## Data shown
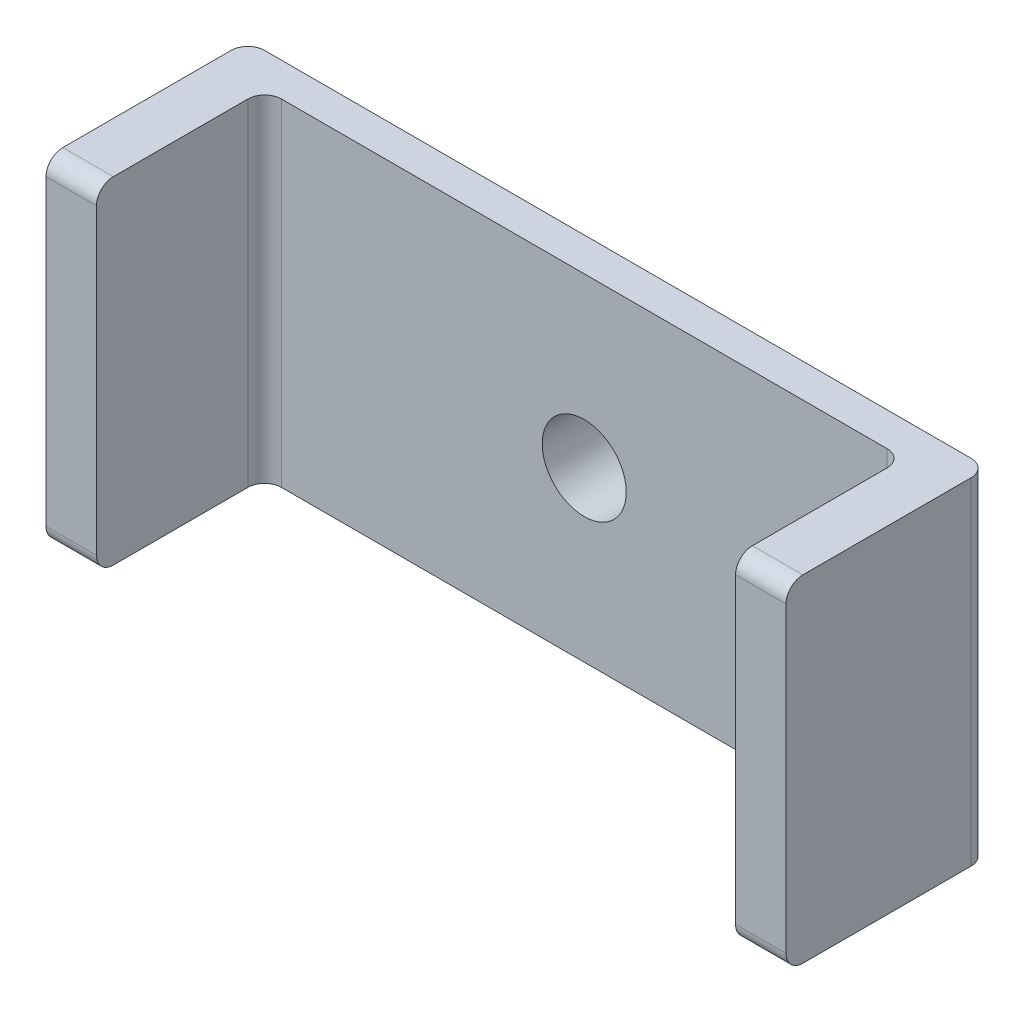
ISO-10303-21;
HEADER;
FILE_DESCRIPTION(('STEP AP214'),'2;1');
FILE_NAME('part.step','',(''),(''),'','','');
FILE_SCHEMA(('AUTOMOTIVE_DESIGN { 1 0 10303 214 1 1 1 1 }'));
ENDSEC;
DATA;
#1=APPLICATION_CONTEXT('core data for automotive mechanical design processes');
#2=APPLICATION_PROTOCOL_DEFINITION('international standard','automotive_design',2000,#1);
#3=PRODUCT_CONTEXT('',#1,'mechanical');
#4=PRODUCT('Part','Part','',(#3));
#5=PRODUCT_RELATED_PRODUCT_CATEGORY('part','',(#4));
#6=PRODUCT_DEFINITION_FORMATION('','',#4);
#7=PRODUCT_DEFINITION_CONTEXT('part definition',#1,'design');
#8=PRODUCT_DEFINITION('design','',#6,#7);
#9=PRODUCT_DEFINITION_SHAPE('','',#8);
#10=(LENGTH_UNIT() NAMED_UNIT(*) SI_UNIT(.MILLI.,.METRE.));
#11=(NAMED_UNIT(*) PLANE_ANGLE_UNIT() SI_UNIT($,.RADIAN.));
#12=(NAMED_UNIT(*) SI_UNIT($,.STERADIAN.) SOLID_ANGLE_UNIT());
#13=UNCERTAINTY_MEASURE_WITH_UNIT(LENGTH_MEASURE(1.E-05),#10,'distance_accuracy_value','');
#14=(GEOMETRIC_REPRESENTATION_CONTEXT(3) GLOBAL_UNCERTAINTY_ASSIGNED_CONTEXT((#13)) GLOBAL_UNIT_ASSIGNED_CONTEXT((#10,
#11,#12)) REPRESENTATION_CONTEXT('',''));
#15=CARTESIAN_POINT('',(0.,0.,0.));
#16=DIRECTION('',(0.,0.,1.));
#17=DIRECTION('',(1.,0.,0.));
#18=AXIS2_PLACEMENT_3D('',#15,#16,#17);
#19=CARTESIAN_POINT('',(0.,0.,10.));
#20=DIRECTION('',(0.,0.,-1.));
#21=DIRECTION('',(-1.,0.,0.));
#22=AXIS2_PLACEMENT_3D('',#19,#20,#21);
#23=PLANE('',#22);
#24=CARTESIAN_POINT('',(0.,0.,10.));
#25=DIRECTION('',(0.,0.,1.));
#26=DIRECTION('',(1.,0.,0.));
#27=AXIS2_PLACEMENT_3D('',#24,#25,#26);
#28=CIRCLE('',#27,12.5);
#29=CARTESIAN_POINT('',(12.5,0.,10.));
#30=VERTEX_POINT('',#29);
#31=EDGE_CURVE('E262',#30,#30,#28,.T.);
#32=ORIENTED_EDGE('',*,*,#31,.F.);
#33=EDGE_LOOP('',(#32));
#34=FACE_BOUND('',#33,.T.);
#35=DIRECTION('',(1.,0.,0.));
#36=VECTOR('',#35,1.);
#37=CARTESIAN_POINT('',(110.,-50.,10.));
#38=LINE('',#37,#36);
#39=CARTESIAN_POINT('',(-90.,-50.,10.));
#40=VERTEX_POINT('',#39);
#41=CARTESIAN_POINT('',(90.,-50.,10.));
#42=VERTEX_POINT('',#41);
#43=EDGE_CURVE('E257',#40,#42,#38,.T.);
#44=ORIENTED_EDGE('',*,*,#43,.T.);
#45=DIRECTION('',(0.,-1.,0.));
#46=VECTOR('',#45,1.);
#47=CARTESIAN_POINT('',(90.,50.,10.));
#48=LINE('',#47,#46);
#49=CARTESIAN_POINT('',(90.,50.,10.));
#50=VERTEX_POINT('',#49);
#51=EDGE_CURVE('E220',#42,#50,#48,.F.);
#52=ORIENTED_EDGE('',*,*,#51,.T.);
#53=DIRECTION('',(-1.,0.,0.));
#54=VECTOR('',#53,1.);
#55=CARTESIAN_POINT('',(110.,50.,10.));
#56=LINE('',#55,#54);
#57=CARTESIAN_POINT('',(-90.,50.,10.));
#58=VERTEX_POINT('',#57);
#59=EDGE_CURVE('E246',#50,#58,#56,.T.);
#60=ORIENTED_EDGE('',*,*,#59,.T.);
#61=DIRECTION('',(0.,1.,0.));
#62=VECTOR('',#61,1.);
#63=CARTESIAN_POINT('',(-90.,-50.,10.));
#64=LINE('',#63,#62);
#65=EDGE_CURVE('E218',#58,#40,#64,.F.);
#66=ORIENTED_EDGE('',*,*,#65,.T.);
#67=EDGE_LOOP('',(#44,#52,#60,#66));
#68=FACE_BOUND('',#67,.T.);
#69=ADVANCED_FACE('F42',(#34,#68),#23,.F.);
#70=CARTESIAN_POINT('',(0.,0.,-15.));
#71=DIRECTION('',(0.,0.,1.));
#72=DIRECTION('',(1.,0.,0.));
#73=AXIS2_PLACEMENT_3D('',#70,#71,#72);
#74=CYLINDRICAL_SURFACE('',#73,14.5);
#75=CARTESIAN_POINT('',(0.,0.,-15.));
#76=DIRECTION('',(0.,0.,1.));
#77=DIRECTION('',(1.,0.,0.));
#78=AXIS2_PLACEMENT_3D('',#75,#76,#77);
#79=CIRCLE('',#78,14.5);
#80=CARTESIAN_POINT('',(14.5,0.,-15.));
#81=VERTEX_POINT('',#80);
#82=EDGE_CURVE('E183',#81,#81,#79,.T.);
#83=ORIENTED_EDGE('',*,*,#82,.T.);
#84=EDGE_LOOP('',(#83));
#85=FACE_BOUND('',#84,.T.);
#86=CARTESIAN_POINT('',(0.,0.,0.));
#87=DIRECTION('',(0.,0.,1.));
#88=DIRECTION('',(1.,0.,0.));
#89=AXIS2_PLACEMENT_3D('',#86,#87,#88);
#90=CIRCLE('',#89,14.5);
#91=CARTESIAN_POINT('',(14.5,0.,0.));
#92=VERTEX_POINT('',#91);
#93=EDGE_CURVE('E284',#92,#92,#90,.T.);
#94=ORIENTED_EDGE('',*,*,#93,.F.);
#95=EDGE_LOOP('',(#94));
#96=FACE_BOUND('',#95,.T.);
#97=ADVANCED_FACE('F292',(#85,#96),#74,.T.);
#98=CARTESIAN_POINT('',(0.,0.,-15.));
#99=DIRECTION('',(0.,0.,1.));
#100=DIRECTION('',(1.,0.,0.));
#101=AXIS2_PLACEMENT_3D('',#98,#99,#100);
#102=PLANE('',#101);
#103=CARTESIAN_POINT('',(0.,0.,-15.));
#104=DIRECTION('',(0.,0.,1.));
#105=DIRECTION('',(1.,0.,0.));
#106=AXIS2_PLACEMENT_3D('',#103,#104,#105);
#107=CIRCLE('',#106,12.5);
#108=CARTESIAN_POINT('',(12.5,0.,-15.));
#109=VERTEX_POINT('',#108);
#110=EDGE_CURVE('E175',#109,#109,#107,.T.);
#111=ORIENTED_EDGE('',*,*,#110,.T.);
#112=EDGE_LOOP('',(#111));
#113=FACE_BOUND('',#112,.T.);
#114=ORIENTED_EDGE('',*,*,#82,.F.);
#115=EDGE_LOOP('',(#114));
#116=FACE_BOUND('',#115,.T.);
#117=ADVANCED_FACE('F294',(#113,#116),#102,.F.);
#118=CARTESIAN_POINT('',(0.,0.,-15.));
#119=DIRECTION('',(0.,0.,1.));
#120=DIRECTION('',(1.,0.,0.));
#121=AXIS2_PLACEMENT_3D('',#118,#119,#120);
#122=CYLINDRICAL_SURFACE('',#121,12.5);
#123=ORIENTED_EDGE('',*,*,#110,.F.);
#124=EDGE_LOOP('',(#123));
#125=FACE_BOUND('',#124,.T.);
#126=ORIENTED_EDGE('',*,*,#31,.T.);
#127=EDGE_LOOP('',(#126));
#128=FACE_BOUND('',#127,.T.);
#129=ADVANCED_FACE('F301',(#125,#128),#122,.F.);
#130=CARTESIAN_POINT('',(0.,0.,0.));
#131=DIRECTION('',(0.,0.,-1.));
#132=DIRECTION('',(-1.,0.,0.));
#133=AXIS2_PLACEMENT_3D('',#130,#131,#132);
#134=PLANE('',#133);
#135=ORIENTED_EDGE('',*,*,#93,.T.);
#136=EDGE_LOOP('',(#135));
#137=FACE_BOUND('',#136,.T.);
#138=DIRECTION('',(1.,0.,0.));
#139=VECTOR('',#138,1.);
#140=CARTESIAN_POINT('',(110.,-50.,0.));
#141=LINE('',#140,#139);
#142=CARTESIAN_POINT('',(-105.,-50.,0.));
#143=VERTEX_POINT('',#142);
#144=CARTESIAN_POINT('',(105.,-50.,0.));
#145=VERTEX_POINT('',#144);
#146=EDGE_CURVE('E265',#143,#145,#141,.T.);
#147=ORIENTED_EDGE('',*,*,#146,.F.);
#148=DIRECTION('',(0.,-1.,0.));
#149=VECTOR('',#148,1.);
#150=CARTESIAN_POINT('',(-105.,50.,0.));
#151=LINE('',#150,#149);
#152=CARTESIAN_POINT('',(-105.,50.,0.));
#153=VERTEX_POINT('',#152);
#154=EDGE_CURVE('E194',#143,#153,#151,.F.);
#155=ORIENTED_EDGE('',*,*,#154,.T.);
#156=DIRECTION('',(-1.,0.,0.));
#157=VECTOR('',#156,1.);
#158=CARTESIAN_POINT('',(110.,50.,0.));
#159=LINE('',#158,#157);
#160=CARTESIAN_POINT('',(105.,50.,0.));
#161=VERTEX_POINT('',#160);
#162=EDGE_CURVE('E271',#161,#153,#159,.T.);
#163=ORIENTED_EDGE('',*,*,#162,.F.);
#164=DIRECTION('',(0.,1.,0.));
#165=VECTOR('',#164,1.);
#166=CARTESIAN_POINT('',(105.,-50.,0.));
#167=LINE('',#166,#165);
#168=EDGE_CURVE('E192',#161,#145,#167,.F.);
#169=ORIENTED_EDGE('',*,*,#168,.T.);
#170=EDGE_LOOP('',(#147,#155,#163,#169));
#171=FACE_BOUND('',#170,.T.);
#172=ADVANCED_FACE('F289',(#137,#171),#134,.T.);
#173=CARTESIAN_POINT('',(-110.,50.,10.));
#174=DIRECTION('',(1.,0.,0.));
#175=DIRECTION('',(0.,0.,-1.));
#176=AXIS2_PLACEMENT_3D('',#173,#174,#175);
#177=PLANE('',#176);
#178=DIRECTION('',(0.,0.,-1.));
#179=VECTOR('',#178,1.);
#180=CARTESIAN_POINT('',(-110.,50.,10.));
#181=LINE('',#180,#179);
#182=CARTESIAN_POINT('',(-110.,50.,55.));
#183=VERTEX_POINT('',#182);
#184=CARTESIAN_POINT('',(-110.,50.,5.));
#185=VERTEX_POINT('',#184);
#186=EDGE_CURVE('E256',#183,#185,#181,.T.);
#187=ORIENTED_EDGE('',*,*,#186,.T.);
#188=DIRECTION('',(0.,-1.,0.));
#189=VECTOR('',#188,1.);
#190=CARTESIAN_POINT('',(-110.,-50.,5.));
#191=LINE('',#190,#189);
#192=CARTESIAN_POINT('',(-110.,-50.,5.));
#193=VERTEX_POINT('',#192);
#194=EDGE_CURVE('E165',#185,#193,#191,.T.);
#195=ORIENTED_EDGE('',*,*,#194,.T.);
#196=DIRECTION('',(0.,0.,-1.));
#197=VECTOR('',#196,1.);
#198=CARTESIAN_POINT('',(-110.,-50.,10.));
#199=LINE('',#198,#197);
#200=CARTESIAN_POINT('',(-110.,-50.,55.));
#201=VERTEX_POINT('',#200);
#202=EDGE_CURVE('E160',#201,#193,#199,.T.);
#203=ORIENTED_EDGE('',*,*,#202,.F.);
#204=CARTESIAN_POINT('',(-110.,-45.,55.));
#205=DIRECTION('',(1.,0.,0.));
#206=DIRECTION('',(0.,0.,-1.));
#207=AXIS2_PLACEMENT_3D('',#204,#205,#206);
#208=CIRCLE('',#207,5.);
#209=CARTESIAN_POINT('',(-110.,-45.,60.));
#210=VERTEX_POINT('',#209);
#211=EDGE_CURVE('E172',#201,#210,#208,.F.);
#212=ORIENTED_EDGE('',*,*,#211,.T.);
#213=DIRECTION('',(0.,-1.,0.));
#214=VECTOR('',#213,1.);
#215=CARTESIAN_POINT('',(-110.,50.,60.));
#216=LINE('',#215,#214);
#217=CARTESIAN_POINT('',(-110.,45.,60.));
#218=VERTEX_POINT('',#217);
#219=EDGE_CURVE('E341',#218,#210,#216,.T.);
#220=ORIENTED_EDGE('',*,*,#219,.F.);
#221=CARTESIAN_POINT('',(-110.,45.,55.));
#222=DIRECTION('',(1.,0.,0.));
#223=DIRECTION('',(0.,0.,-1.));
#224=AXIS2_PLACEMENT_3D('',#221,#222,#223);
#225=CIRCLE('',#224,5.);
#226=EDGE_CURVE('E180',#218,#183,#225,.F.);
#227=ORIENTED_EDGE('',*,*,#226,.T.);
#228=EDGE_LOOP('',(#187,#195,#203,#212,#220,#227));
#229=FACE_BOUND('',#228,.T.);
#230=ADVANCED_FACE('F170',(#229),#177,.F.);
#231=CARTESIAN_POINT('',(110.,-50.,10.));
#232=DIRECTION('',(0.,1.,0.));
#233=DIRECTION('',(0.,0.,1.));
#234=AXIS2_PLACEMENT_3D('',#231,#232,#233);
#235=PLANE('',#234);
#236=ORIENTED_EDGE('',*,*,#202,.T.);
#237=CARTESIAN_POINT('',(-105.,-50.,5.));
#238=DIRECTION('',(0.,1.,0.));
#239=DIRECTION('',(0.,0.,1.));
#240=AXIS2_PLACEMENT_3D('',#237,#238,#239);
#241=CIRCLE('',#240,5.);
#242=EDGE_CURVE('E190',#193,#143,#241,.F.);
#243=ORIENTED_EDGE('',*,*,#242,.T.);
#244=ORIENTED_EDGE('',*,*,#146,.T.);
#245=CARTESIAN_POINT('',(105.,-50.,5.));
#246=DIRECTION('',(0.,1.,0.));
#247=DIRECTION('',(0.,0.,1.));
#248=AXIS2_PLACEMENT_3D('',#245,#246,#247);
#249=CIRCLE('',#248,5.);
#250=CARTESIAN_POINT('',(110.,-50.,5.));
#251=VERTEX_POINT('',#250);
#252=EDGE_CURVE('E188',#145,#251,#249,.F.);
#253=ORIENTED_EDGE('',*,*,#252,.T.);
#254=DIRECTION('',(0.,0.,-1.));
#255=VECTOR('',#254,1.);
#256=CARTESIAN_POINT('',(110.,-50.,10.));
#257=LINE('',#256,#255);
#258=CARTESIAN_POINT('',(110.,-50.,55.));
#259=VERTEX_POINT('',#258);
#260=EDGE_CURVE('E176',#259,#251,#257,.T.);
#261=ORIENTED_EDGE('',*,*,#260,.F.);
#262=DIRECTION('',(1.,0.,0.));
#263=VECTOR('',#262,1.);
#264=CARTESIAN_POINT('',(110.,-50.,55.));
#265=LINE('',#264,#263);
#266=CARTESIAN_POINT('',(95.,-50.,55.));
#267=VERTEX_POINT('',#266);
#268=EDGE_CURVE('E164',#259,#267,#265,.F.);
#269=ORIENTED_EDGE('',*,*,#268,.T.);
#270=DIRECTION('',(0.,0.,-1.));
#271=VECTOR('',#270,1.);
#272=CARTESIAN_POINT('',(95.,-50.,60.));
#273=LINE('',#272,#271);
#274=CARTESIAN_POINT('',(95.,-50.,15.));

## Exercise description
Could you return exactly the lines above from the line with "#93=EDGE_CURVE('E284',#92,#92,#90,.T.);" to the line with "#130=CARTESIAN_POINT('',(0.,0.,0.));", both included, and nothing else?

## Answer section
#93=EDGE_CURVE('E284',#92,#92,#90,.T.);
#94=ORIENTED_EDGE('',*,*,#93,.F.);
#95=EDGE_LOOP('',(#94));
#96=FACE_BOUND('',#95,.T.);
#97=ADVANCED_FACE('F292',(#85,#96),#74,.T.);
#98=CARTESIAN_POINT('',(0.,0.,-15.));
#99=DIRECTION('',(0.,0.,1.));
#100=DIRECTION('',(1.,0.,0.));
#101=AXIS2_PLACEMENT_3D('',#98,#99,#100);
#102=PLANE('',#101);
#103=CARTESIAN_POINT('',(0.,0.,-15.));
#104=DIRECTION('',(0.,0.,1.));
#105=DIRECTION('',(1.,0.,0.));
#106=AXIS2_PLACEMENT_3D('',#103,#104,#105);
#107=CIRCLE('',#106,12.5);
#108=CARTESIAN_POINT('',(12.5,0.,-15.));
#109=VERTEX_POINT('',#108);
#110=EDGE_CURVE('E175',#109,#109,#107,.T.);
#111=ORIENTED_EDGE('',*,*,#110,.T.);
#112=EDGE_LOOP('',(#111));
#113=FACE_BOUND('',#112,.T.);
#114=ORIENTED_EDGE('',*,*,#82,.F.);
#115=EDGE_LOOP('',(#114));
#116=FACE_BOUND('',#115,.T.);
#117=ADVANCED_FACE('F294',(#113,#116),#102,.F.);
#118=CARTESIAN_POINT('',(0.,0.,-15.));
#119=DIRECTION('',(0.,0.,1.));
#120=DIRECTION('',(1.,0.,0.));
#121=AXIS2_PLACEMENT_3D('',#118,#119,#120);
#122=CYLINDRICAL_SURFACE('',#121,12.5);
#123=ORIENTED_EDGE('',*,*,#110,.F.);
#124=EDGE_LOOP('',(#123));
#125=FACE_BOUND('',#124,.T.);
#126=ORIENTED_EDGE('',*,*,#31,.T.);
#127=EDGE_LOOP('',(#126));
#128=FACE_BOUND('',#127,.T.);
#129=ADVANCED_FACE('F301',(#125,#128),#122,.F.);
#130=CARTESIAN_POINT('',(0.,0.,0.));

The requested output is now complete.